Information about his life and scholarly and creative activities can be found in the works by Taj ad-Din al-Subki (Tabaqat Ash-Shafiyya Al-kubra), al-Khatib al-Baghdad (Tarikh Baghdad), Ibn Hajar al-Asqalani (Lisan al-Mizan), Sulami (Tabaqat As-Sufiyya) and in a number of other treatises.

He received criticism from other traditionalists, however al-Dhahabi defended him, saying, "He is a leader in Hadith".

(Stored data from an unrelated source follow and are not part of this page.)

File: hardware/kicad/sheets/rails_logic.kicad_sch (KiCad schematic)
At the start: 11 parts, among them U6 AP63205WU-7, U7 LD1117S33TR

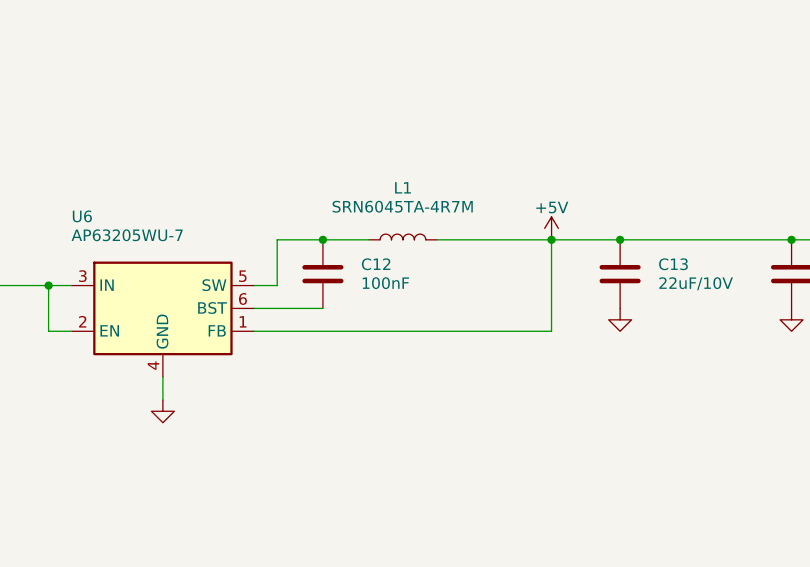
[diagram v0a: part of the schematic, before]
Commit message: KiCad: cleaner layout, decoupling blocks, label directions, KiCad format fixes
- move IC decoupling caps into labelled blocks at the side of each sheet
- global labels show input/output direction per net
- no 4-way junctions (generator now checks and fails)
- generator output matches KiCad's saved format (hide property, junction
  and wire normalisation, lib symbol embedded fonts, multi-unit pins)
- hand-laid USB ESD protection as a pass-through

Co-Authored-By: Claude Sonnet 5.5 <noreply@anthropic.com>
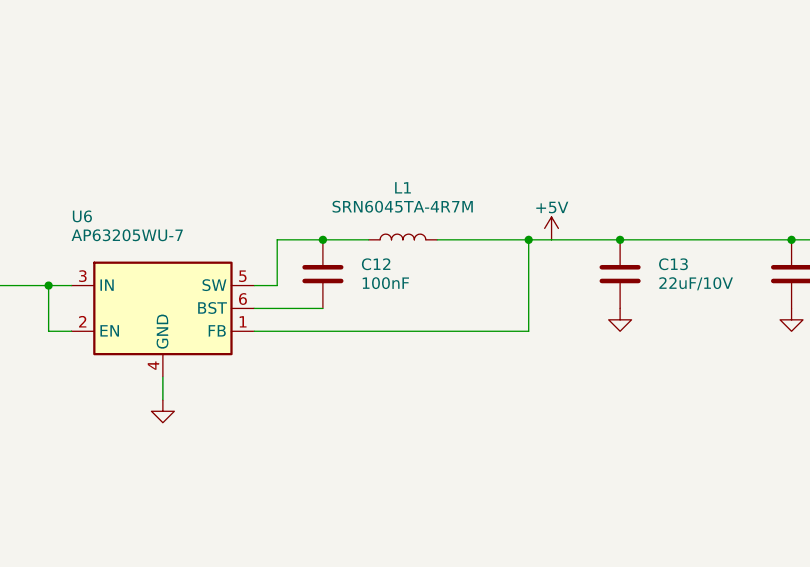
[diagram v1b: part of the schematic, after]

Al-Hakim al-Tirmidhi speaks about his life in his book Bad'u Shaani Abu Abdullah ("The Beginning of Abu Abdullah's Pursuit"), published in Beirut in 1965 by Yakh'ya Ismail Usman, together with the work of the scientist in Khatm Al-Awliya ("Seal of the Saints").

==Life==
Tirmidhi was apparently born between 820 and 825 AD in Termez, Khorasan, nowadays Uzbekistan. His father was a scholar of hadith and a jurist; his early education appears to have been very orthodox. He was reared as a scholar of hadith and fiqh (law), more specifically, the Hanafi school of law that was dominant in eastern territories of Iran. However he also held the Hanbalis in greet esteem. The range of Tirmidhi's education did include the sciences, such as Greek natural science and philosophy. His subsequent reference to learning the use of the astrolabe, implying a knowledge of astronomy and mathematics, has been given different interpretations. "There is no trace of influence from 'natural science' in his writings." But being a Sufi Master is enough to accept that he did. His works touch on Kalam and Aqeedah, and he entered into rational disputation with the Mutakillimun of his era, and maintained a critical attitude of them. His works, containing a variety of content, cannot be considered entirely in the category of mystical works, or in the category of hadith sciences, nor in the category of philosophical works, or in the category of kalam or jurisprudence. However, his general pursuit of knowledge gained him the name of "al-hakim".

== Early years ==
Different dates are used in written sources and present literature to indicate al-Hakim al-Tirmidhi's date of birth and death. Some authors, Khwaja Khalif in particular, in his Kashf as-Zunun, give the year 255 in Hijra / 869 AD as Al-Hakim al-Tirmidhi's date of death. The same date was written on Al-Hakim al-Tirmidhi's tomb. If we proceed from the fact that Al-Hakim al-Tirmidhi lived more than one hundred years, some sources say 112, 116 or 120 years, he was born approximately between 750 and 760 AD. At the same time, Abdulfattah Abdullah Baraka who wrote his great "Al-Hakim al-Tirmidhi and Nazariyyatukhu fil" ("Al-Hakim al-Tirmidhi and his theory") thirty years ago, said that Al-Hakim al-Tirmidhi, was born in 205 in Hijri / 820 and died in 320 in Hijri / 932 and lived 112 years.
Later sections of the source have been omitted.